Single by Elvis Costello

from the album My Aim Is True
- B-side: "Welcome to the Working Week"
- Released: 21 May 1977
- Recorded: 1977
- Studio: Pathway (London)
- Genre: New wave; pub rock; power pop; pop;
- Length: 3:21
- Label: Stiff (UK) Columbia (US)
- Songwriter: Elvis Costello
- Producer: Nick Lowe

Elvis Costello singles chronology
| "Less Than Zero" (1977) | "Alison" (1977) | "(The Angels Wanna Wear My) Red Shoes" (1977) |

= Alison (song) =

1977 single by Elvis Costello

"Alison" is a song written by and first recorded by English musician Elvis Costello in 1977 for his debut album My Aim Is True on Stiff Records. Costello claimed the song was written as an ode to a woman he saw working at a supermarket, though he has remained vague on the meaning. Though Costello's single never charted, it has become one of his most critically acclaimed songs.

Linda Ronstadt, who covered the song and released her version in 1979, had a moderate hit with it.

==Background==
The song "Alison" was included on Elvis Costello's debut studio album My Aim Is True as the fifth track, and was released in 1977. As "Alison" was recorded before the Attractions formed, his backing band on the track was Clover. Costello has divulged little on the meaning of the song other than to say that it is about "disappointing somebody" and to deny suggestions that the lines "somebody better put out the big light" and "my aim is true" refer to murder. He has also declined to reveal who the song is about, writing in the liner notes for Girls Girls Girls, "Much could be undone by saying more."

However, in his 2015 autobiography Unfaithful Music & Disappearing Ink, Costello wrote: "I've always told people that I wrote the song 'Alison' after seeing a beautiful checkout girl at the local supermarket. She had a face for which a ship might have once been named. Scoundrels might once have fought mist-swathed duels to defend her honour. Now she was punching in the prices on cans of beans at a cash register and looking as if all the hopes and dreams of her youth were draining away. All that were left would soon be squandered to a ruffian who told her convenient lies and trapped her still further".

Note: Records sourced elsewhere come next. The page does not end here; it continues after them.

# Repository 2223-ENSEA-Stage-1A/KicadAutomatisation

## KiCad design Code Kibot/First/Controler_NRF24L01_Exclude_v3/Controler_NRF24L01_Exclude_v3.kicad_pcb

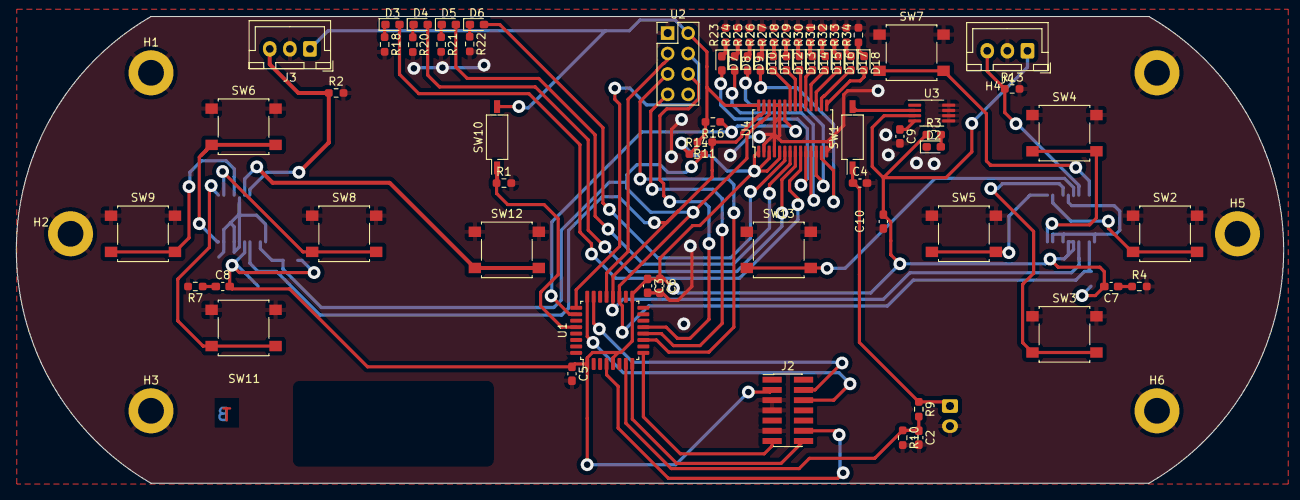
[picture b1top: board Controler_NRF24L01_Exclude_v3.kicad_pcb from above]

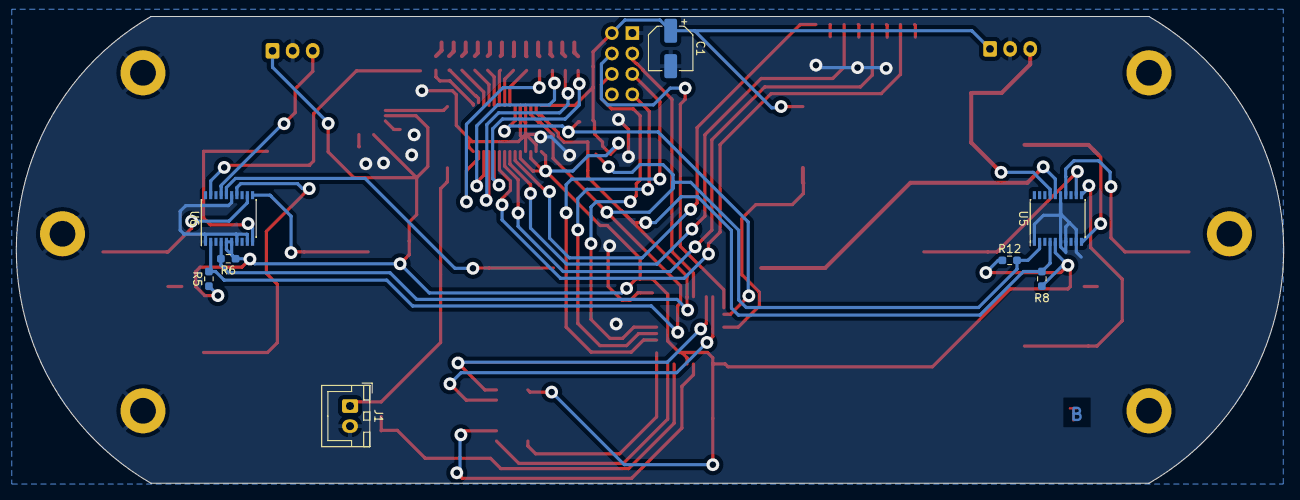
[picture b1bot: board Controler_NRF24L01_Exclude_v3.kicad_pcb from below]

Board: 2 copper layers, 157.5 x 58.0 mm, 87 parts (8 on the bottom side), 68 nets.

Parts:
C1: 22uF; CP_Elec_5x5.4
C2: 1nF; C_0603_1608Metric_Pad1.08x0.95mm_HandSolder
C3, C5: 100n; C_0603_1608Metric_Pad1.08x0.95mm_HandSolder
C4: 1u; C_0603_1608Metric_Pad1.08x0.95mm_HandSolder
C6: 10u; C_0603_1608Metric_Pad1.08x0.95mm_HandSolder
C7, C8, C10: 100nF; C_0603_1608Metric_Pad1.08x0.95mm_HandSolder
C9: 470p; C_0603_1608Metric_Pad1.08x0.95mm_HandSolder
D2: LED_Small; LED_0603_1608Metric_Pad1.05x0.95mm_HandSolder
D3: G1; LED_0603_1608Metric_Pad1.05x0.95mm_HandSolder
D4: G2; LED_0603_1608Metric_Pad1.05x0.95mm_HandSolder
D5: G3; LED_0603_1608Metric_Pad1.05x0.95mm_HandSolder
D6: G4; LED_0603_1608Metric_Pad1.05x0.95mm_HandSolder
D7: G5; LED_0603_1608Metric_Pad1.05x0.95mm_HandSolder
D8: G6; LED_0603_1608Metric_Pad1.05x0.95mm_HandSolder
D9: G7; LED_0603_1608Metric_Pad1.05x0.95mm_HandSolder
D10: G8; LED_0603_1608Metric_Pad1.05x0.95mm_HandSolder
D11: O1; LED_0603_1608Metric_Pad1.05x0.95mm_HandSolder
D12: O2; LED_0603_1608Metric_Pad1.05x0.95mm_HandSolder
D13: O3; LED_0603_1608Metric_Pad1.05x0.95mm_HandSolder
D14: O4; LED_0603_1608Metric_Pad1.05x0.95mm_HandSolder
D15: R1; LED_0603_1608Metric_Pad1.05x0.95mm_HandSolder
D16: R2; LED_0603_1608Metric_Pad1.05x0.95mm_HandSolder
D17: R3; LED_0603_1608Metric_Pad1.05x0.95mm_HandSolder
D18: R4; LED_0603_1608Metric_Pad1.05x0.95mm_HandSolder
H1, H2, H3, H4, H5, H6: MountingHole_Pad; MountingHole_3.2mm_M3_DIN965_Pad
J1: Conn_01x02; JST_XH_B2B-XH-A_1x02_P2.50mm_Vertical
J2: Conn_02x07_Odd_Even; PinHeader_2x07_P1.27mm_Vertical_SMD
J3, J4: Conn_01x03; JST_XH_B3B-XH-A_1x03_P2.50mm_Vertical
R1, R2, R3, R13, R18, R20, R21, R22, R23, R24, R25, R26, R27, R28, R29, R30, R31, R32, R33, R34: 1K; R_0603_1608Metric_Pad0.98x0.95mm_HandSolder
R4, R7: 1k; R_0603_1608Metric_Pad0.98x0.95mm_HandSolder
R5, R6, R8, R11, R12, R14, R16: 10K; R_0603_1608Metric_Pad0.98x0.95mm_HandSolder
R9, R10: 1M; R_0603_1608Metric_Pad0.98x0.95mm_HandSolder
SW1, SW10: SW_DIP_x01; SW_DIP_SPSTx01_Slide_Copal_CHS-01B_W7.62mm_P1.27mm
SW2, SW3, SW4, SW5, SW6, SW8, SW9, SW11, SW12, SW13: SW_Push; SW_SPST_B3S-1000
SW7: SW_SPST; SW_SPST_B3S-1000
U1: STM32L412KBTx; LQFP-32_7x7mm_P0.8mm
U2: nRF24_Full; PinHeader_2x04_P2.54mm_Vertical
U3: MIC5219-3.3YMM; MSOP-8_3x3mm_P0.65mm
U4: PCA9685PW; TSSOP-28_4.4x9.7mm_P0.65mm
U5, U6: PCF8574TS; SSOP-20_4.4x6.5mm_P0.65mm

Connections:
A_Button: SW2.2, U6.12 (P2)
B_Button: SW3.2, U6.14 (P3)
CSN_nRF24: U1.25 (PA15), U2.4 (CSN)
DC_Button: SW11.2, U5.11 (P1)
DIODE_OE: R16.1, U1.26 (PB3), U4.23 (~OE)
DIO/EX_CLK: R5.2, R12.2, R14.2, U1.19 (PA9), U4.26 (SCL), U5.2 (SCL), U6.2 (SCL)
DIO/EX_SDA: R6.2, R8.2, R11.1, U1.20 (PA10), U4.27 (SDA), U5.4 (SDA), U6.4 (SDA)
Digital_Out_Put: U1.12 (PA6), U2.7 (MISO)
GND: C1.2, C2.2, C3.2, C4.2, C5.2, C6.2, C9.2, C10.2, D2.1 (K), H1.1, H2.1, H3.1, H4.1, H5.1, H6.1, J1.2, J2.5, J2.7, J2.11, J3.2, J4.2, R1.2, R2.2, R4.2, R7.2, R10.2, R13.2, R18.2, R20.2, R21.2, R22.2, R23.2, R24.2, R25.2, R26.2, R27.2, R28.2, R29.2, R30.2, R31.2, R32.2, R33.2, R34.2, SW2.1, SW3.1, SW4.1, SW5.1, SW6.1, SW7.1 (A), SW8.1, SW9.1, SW11.1, SW12.1, SW13.1, U1.16 (VSS), U1.32 (VSS), U2.1 (GND), U3.5 (GND), U3.6 (GND), U3.7 (GND), U3.8 (GND), U4.2 (A1), U4.4 (A3), U4.14 (VSS), U4.24 (A5), U4.25 (EXTCLK), U5.1 (~INT), U5.6 (A0), U5.7 (A1), U5.9 (A2), U5.15 (VSS), U6.1 (~INT), U6.7 (A1), U6.9 (A2), U6.15 (VSS)
Glob_Alim: C1.1, C3.1, C5.1, C6.1, C7.2, C8.2, C10.1, J2.3, J3.1, J4.1, R3.1, R5.1, R6.1, R8.1, R11.2, R12.1, R14.1, R16.2, SW10.2, U1.1 (VDD), U1.5 (VDDA), U1.17 (VDD), U2.2 (VCC), U3.3 (OUT), U4.1 (A0), U4.3 (A2), U4.5 (A4), U4.28 (VDD), U5.5 (VDD), U6.5 (VDD), U6.6 (A0)
L: J4.3, R13.1, U6.17 (P5)
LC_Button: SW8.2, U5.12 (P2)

Costello has also said that the musical idea for the chorus, breaking up the line "I know this world is killing you", in a staccato fashion, derives from the manner that the line "Life ain't so easy when you're a ...", precedes the title refrain, on "Ghetto Child", by The Detroit Spinners. "Alison" is written in the key of E major.

==Reception==
"Alison" was released as a single in the United Kingdom with a B-side of "Welcome to the Working Week", and as two singles in the United States; one with a mono version of the same song on the B-side, the other with "Miracle Man". The US (and Canadian) single versions of "Alison" are unique in that it is remixed to add a string section. Record World called it "a stirring ballad" and said that "the strings add a dimension the song lacked in its original version and should help send it to the top."

The single did not chart, but the song did get airplay in the U.S. on album-oriented rock radio. In 2004, Rolling Stone ranked it No. 318 on their list of the 500 Greatest Songs of All Time and Entertainment Weekly voted it as one of Costello's top 10 greatest tunes. The Telegraph named it Costello's second greatest song only after "Oliver's Army", calling it "a wonderful song about unrequited love."

==Linda Ronstadt version==

===Background===
American singer Linda Ronstadt recorded a cover version of "Alison" for her studio album Living in the USA, in 1978, which sold over 2 million copies. Released as the disc's fourth single in the spring of 1979 on Asylum Records, it was produced by her longtime producer Peter Asher.
Ronstadt's B-side to "Alison" was "Mohammed's Radio", also produced by Asher.

===Reception===
Ronstadt's version of "Alison" was a moderate hit, reaching number 30 in the U.S. on the Billboard adult contemporary chart. Her single also reached number 66 in the UK Singles chart. Years later, Costello joked that he might have been publicly derisive of Ronstadt's version, "but I didn't mind spending the money that she earned me". Costello donated royalties from Ronstadt's version to the African National Congress after she played at Sun City in South Africa.